Step 1. Deploying the Base Model on a Single GPU (or more)
Save the following script as deploy_single_gpu.sh
and modify the placeholders accordingly:
#!/bin/bash
export VLLM_LOGGING_LEVEL=DEBUG
export VLLM_ALLOW_RUNTIME_LORA_UPDATING=True
export VLLM_ALLOW_LONG_MAX_MODEL_LEN=1
# Specify your model path here (this can be a local path or a Hugging Face Hub path)
MODEL="input your model path here"
# Set the maximum number of LoRAs
MAX_LORAS=20
# Log directory for vLLM logs
ROOT="input your log dir here"
# Maximum LoRA rank
MAX_LORA_RANK=16
# Specify the port for the API server (single GPU deployment requires only one port)
PORT=9112
echo "Deploying model $MODEL with $MAX_LORAS LoRAs on a single GPU"
echo "Starting API server on port $PORT..."
# Create the log directory if it doesn't exist
mkdir -p vllm_logs/$ROOT
COMMON_ARGS="--model $MODEL \
--trust-remote-code \
--enable-lora \
--seed 42 \
--max-lora-rank $MAX_LORA_RANK \
--gpu-memory-utilization 0.95 \
--max-loras $MAX_LORAS \
--max-cpu-loras $MAX_LORAS \
--disable-sliding-window \
--max-model-len 8192"
# Single GPU deployment: use only GPU 0
CUDA_VISIBLE_DEVICES=0 nohup python -m vllm.entrypoints.openai.api_server \
$COMMON_ARGS \
--port $PORT > vllm_logs/$ROOT/port_1.log 2>&1 &
Step 2. Loading and Unloading LoRA Adapters Dynamically
vLLM supports online LoRA switching, allowing seamless adaptation of different expert models with minimal computational overhead.

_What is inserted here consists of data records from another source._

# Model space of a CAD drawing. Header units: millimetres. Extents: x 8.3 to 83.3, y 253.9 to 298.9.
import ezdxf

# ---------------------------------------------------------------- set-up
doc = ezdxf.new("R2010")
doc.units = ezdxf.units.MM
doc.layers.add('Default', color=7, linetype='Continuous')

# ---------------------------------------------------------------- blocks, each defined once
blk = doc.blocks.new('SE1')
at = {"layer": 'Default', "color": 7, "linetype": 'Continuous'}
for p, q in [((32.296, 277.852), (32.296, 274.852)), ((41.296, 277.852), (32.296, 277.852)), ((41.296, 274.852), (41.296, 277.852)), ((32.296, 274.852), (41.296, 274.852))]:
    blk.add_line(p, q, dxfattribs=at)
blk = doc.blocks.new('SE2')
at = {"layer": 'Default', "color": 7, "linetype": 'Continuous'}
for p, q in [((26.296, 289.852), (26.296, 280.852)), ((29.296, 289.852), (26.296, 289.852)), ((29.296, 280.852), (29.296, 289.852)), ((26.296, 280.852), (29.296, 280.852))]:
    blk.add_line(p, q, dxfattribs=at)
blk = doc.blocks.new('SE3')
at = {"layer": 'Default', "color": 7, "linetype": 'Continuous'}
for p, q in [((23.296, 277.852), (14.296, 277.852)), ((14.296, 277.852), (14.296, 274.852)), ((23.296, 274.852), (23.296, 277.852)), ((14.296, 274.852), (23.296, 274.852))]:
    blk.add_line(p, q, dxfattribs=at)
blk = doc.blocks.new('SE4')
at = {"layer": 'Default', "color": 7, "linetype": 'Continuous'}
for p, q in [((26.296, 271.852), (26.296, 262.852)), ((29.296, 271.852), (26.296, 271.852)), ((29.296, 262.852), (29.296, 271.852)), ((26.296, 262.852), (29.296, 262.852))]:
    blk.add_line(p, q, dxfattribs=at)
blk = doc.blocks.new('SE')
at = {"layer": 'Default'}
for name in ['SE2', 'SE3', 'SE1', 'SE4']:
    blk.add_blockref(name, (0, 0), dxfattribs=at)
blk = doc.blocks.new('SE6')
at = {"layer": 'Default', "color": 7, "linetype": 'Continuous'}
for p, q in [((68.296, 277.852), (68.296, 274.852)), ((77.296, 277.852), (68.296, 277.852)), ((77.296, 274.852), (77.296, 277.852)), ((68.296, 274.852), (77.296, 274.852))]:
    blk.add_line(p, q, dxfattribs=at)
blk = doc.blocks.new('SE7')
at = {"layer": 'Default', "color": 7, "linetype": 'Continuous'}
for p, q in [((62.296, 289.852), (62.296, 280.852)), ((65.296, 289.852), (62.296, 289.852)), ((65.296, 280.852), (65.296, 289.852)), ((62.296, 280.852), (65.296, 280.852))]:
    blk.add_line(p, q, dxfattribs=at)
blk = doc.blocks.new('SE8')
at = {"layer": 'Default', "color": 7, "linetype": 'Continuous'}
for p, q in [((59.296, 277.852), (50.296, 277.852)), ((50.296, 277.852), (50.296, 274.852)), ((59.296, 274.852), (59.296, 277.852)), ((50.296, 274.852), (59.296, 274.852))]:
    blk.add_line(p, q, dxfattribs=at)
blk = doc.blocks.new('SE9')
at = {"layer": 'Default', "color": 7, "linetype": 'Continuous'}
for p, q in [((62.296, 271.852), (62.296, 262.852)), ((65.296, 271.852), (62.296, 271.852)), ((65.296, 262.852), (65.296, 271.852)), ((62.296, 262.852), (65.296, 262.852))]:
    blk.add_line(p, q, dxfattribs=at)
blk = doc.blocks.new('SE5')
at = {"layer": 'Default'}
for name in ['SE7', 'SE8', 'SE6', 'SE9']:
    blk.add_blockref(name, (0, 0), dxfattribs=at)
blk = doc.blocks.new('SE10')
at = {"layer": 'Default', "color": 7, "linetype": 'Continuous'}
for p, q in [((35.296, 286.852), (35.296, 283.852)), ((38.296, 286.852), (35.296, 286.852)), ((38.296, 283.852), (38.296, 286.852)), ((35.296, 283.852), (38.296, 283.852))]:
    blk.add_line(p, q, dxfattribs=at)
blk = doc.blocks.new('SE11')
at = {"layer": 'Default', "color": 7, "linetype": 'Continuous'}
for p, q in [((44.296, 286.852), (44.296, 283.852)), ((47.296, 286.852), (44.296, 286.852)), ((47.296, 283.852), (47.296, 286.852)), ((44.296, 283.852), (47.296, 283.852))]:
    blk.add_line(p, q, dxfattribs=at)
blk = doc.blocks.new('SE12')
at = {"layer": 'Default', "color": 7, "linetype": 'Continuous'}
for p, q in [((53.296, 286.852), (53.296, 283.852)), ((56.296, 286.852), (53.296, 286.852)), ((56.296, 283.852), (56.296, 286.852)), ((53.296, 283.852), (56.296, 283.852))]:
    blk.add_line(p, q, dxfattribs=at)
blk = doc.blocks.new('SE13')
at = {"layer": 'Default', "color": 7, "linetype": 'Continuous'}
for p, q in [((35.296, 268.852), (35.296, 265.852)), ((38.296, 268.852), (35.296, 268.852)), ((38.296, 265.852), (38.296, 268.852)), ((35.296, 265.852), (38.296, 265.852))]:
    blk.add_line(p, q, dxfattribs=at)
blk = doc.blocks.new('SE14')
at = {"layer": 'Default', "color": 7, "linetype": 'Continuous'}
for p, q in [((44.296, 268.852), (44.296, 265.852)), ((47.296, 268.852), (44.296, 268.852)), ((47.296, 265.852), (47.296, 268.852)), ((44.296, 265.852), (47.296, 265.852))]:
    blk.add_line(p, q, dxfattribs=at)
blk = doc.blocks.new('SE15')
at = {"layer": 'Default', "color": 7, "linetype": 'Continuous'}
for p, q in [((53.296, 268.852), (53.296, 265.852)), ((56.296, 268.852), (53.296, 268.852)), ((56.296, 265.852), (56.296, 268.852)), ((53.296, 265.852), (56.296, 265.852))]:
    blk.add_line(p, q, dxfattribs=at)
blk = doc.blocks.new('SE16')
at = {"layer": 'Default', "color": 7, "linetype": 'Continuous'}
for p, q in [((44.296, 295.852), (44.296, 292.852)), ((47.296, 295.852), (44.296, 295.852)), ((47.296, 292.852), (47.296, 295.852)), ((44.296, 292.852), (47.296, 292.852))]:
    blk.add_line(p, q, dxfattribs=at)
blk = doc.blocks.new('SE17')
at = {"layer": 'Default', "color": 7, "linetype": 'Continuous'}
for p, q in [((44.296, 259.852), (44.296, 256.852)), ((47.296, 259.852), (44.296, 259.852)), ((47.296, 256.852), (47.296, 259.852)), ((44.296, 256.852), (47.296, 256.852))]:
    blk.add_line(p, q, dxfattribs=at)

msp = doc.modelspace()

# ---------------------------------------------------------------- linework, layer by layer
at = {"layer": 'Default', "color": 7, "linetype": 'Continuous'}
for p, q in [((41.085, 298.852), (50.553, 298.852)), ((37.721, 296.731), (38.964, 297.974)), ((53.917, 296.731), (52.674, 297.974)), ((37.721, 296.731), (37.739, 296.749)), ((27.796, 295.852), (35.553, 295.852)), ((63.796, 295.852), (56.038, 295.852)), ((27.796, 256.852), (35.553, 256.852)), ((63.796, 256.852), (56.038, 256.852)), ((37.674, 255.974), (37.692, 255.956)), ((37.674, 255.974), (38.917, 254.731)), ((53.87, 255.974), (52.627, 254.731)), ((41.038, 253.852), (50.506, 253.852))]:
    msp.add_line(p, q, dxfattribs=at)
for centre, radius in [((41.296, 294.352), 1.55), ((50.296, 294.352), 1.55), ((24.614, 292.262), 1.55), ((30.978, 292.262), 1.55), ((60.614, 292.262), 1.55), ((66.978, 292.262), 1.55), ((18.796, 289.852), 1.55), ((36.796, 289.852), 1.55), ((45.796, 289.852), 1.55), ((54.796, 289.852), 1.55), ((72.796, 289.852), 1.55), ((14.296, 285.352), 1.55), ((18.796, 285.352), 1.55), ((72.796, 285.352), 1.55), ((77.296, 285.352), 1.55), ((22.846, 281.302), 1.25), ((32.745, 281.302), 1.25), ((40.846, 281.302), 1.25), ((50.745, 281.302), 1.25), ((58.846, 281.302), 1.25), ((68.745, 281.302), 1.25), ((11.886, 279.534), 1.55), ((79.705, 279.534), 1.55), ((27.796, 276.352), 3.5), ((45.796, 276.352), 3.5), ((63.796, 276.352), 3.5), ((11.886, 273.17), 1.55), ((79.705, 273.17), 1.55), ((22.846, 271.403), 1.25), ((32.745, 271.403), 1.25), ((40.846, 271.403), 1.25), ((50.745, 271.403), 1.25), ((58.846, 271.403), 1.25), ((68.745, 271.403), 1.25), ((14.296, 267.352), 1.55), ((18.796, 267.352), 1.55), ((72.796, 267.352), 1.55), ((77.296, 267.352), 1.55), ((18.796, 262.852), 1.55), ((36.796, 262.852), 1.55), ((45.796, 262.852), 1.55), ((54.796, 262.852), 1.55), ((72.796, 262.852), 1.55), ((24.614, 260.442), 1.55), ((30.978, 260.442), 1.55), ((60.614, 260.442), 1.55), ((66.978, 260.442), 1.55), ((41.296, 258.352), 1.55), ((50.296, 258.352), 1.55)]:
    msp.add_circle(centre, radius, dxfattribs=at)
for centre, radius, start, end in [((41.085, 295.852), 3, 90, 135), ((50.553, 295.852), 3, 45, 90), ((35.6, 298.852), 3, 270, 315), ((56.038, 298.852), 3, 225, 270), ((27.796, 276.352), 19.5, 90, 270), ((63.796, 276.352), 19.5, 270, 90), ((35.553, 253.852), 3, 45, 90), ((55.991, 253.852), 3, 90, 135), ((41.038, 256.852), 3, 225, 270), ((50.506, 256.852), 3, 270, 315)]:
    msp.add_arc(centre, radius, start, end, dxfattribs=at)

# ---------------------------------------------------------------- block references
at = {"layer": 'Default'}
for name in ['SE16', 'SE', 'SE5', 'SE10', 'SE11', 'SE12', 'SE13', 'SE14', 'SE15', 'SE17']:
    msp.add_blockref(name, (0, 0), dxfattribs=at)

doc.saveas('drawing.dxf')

- Download the LoRA weights and store them under
/lora/*
. - Use the following Python code to load and unload LoRA adapters dynamically:
import requests
import time
from loguru import logger
def online_load_lora(base_url: str, lora_name: str, lora_path: str):
counter = 1
while True:
try:
response = requests.post(
f"{base_url}/load_lora_adapter",
json={
"lora_name": lora_name,
"lora_path": lora_path
}
)
time.sleep(3)
assert response.status_code == 200, f"Failed to load LORA: {response.text}"
break
except Exception as e:
logger.warning(f"Load LORA Error: {e}, retrying in {min(counter, 10)} seconds ...")
time.sleep(min(counter, 10))
counter += 1
continue
def online_unload_lora(base_url: str, lora_name: str):
while True:
try:
response = requests.post(
f"{base_url}/unload_lora_adapter",
json={
"lora_name": lora_name
}
)
assert response.status_code == 200, f"Failed to unload LORA: {response.text}"
break
except Exception as e:
logger.warning(f"Unload LORA Error: {e}, retrying ...")
time.sleep(1)
continue
Step 3: Using OpenAI SDK to Access the Deployed LoRA Models
Once the LoRA model is loaded, you can interact with it using the OpenAI SDK. Below is a mock example:
import openai
def query_lora_model(base_url: str, lora_name: str, prompt: str):
client = openai.OpenAI(base_url=base_url)
response = client.Completion.create(
model=lora_name,
prompt=prompt,
max_tokens=100
)
return response
# Example usage
base_url = "http://localhost:9112/v1"
lora_name = "example_lora"
prompt = "Tell me about the impact of AI in healthcare."
response_text = query_lora_model(base_url, lora_name, prompt)
print(response_text)
Related Projects
This repository is associated with the GENOME project. We welcome community feedback and contributions to help further open-source AI development.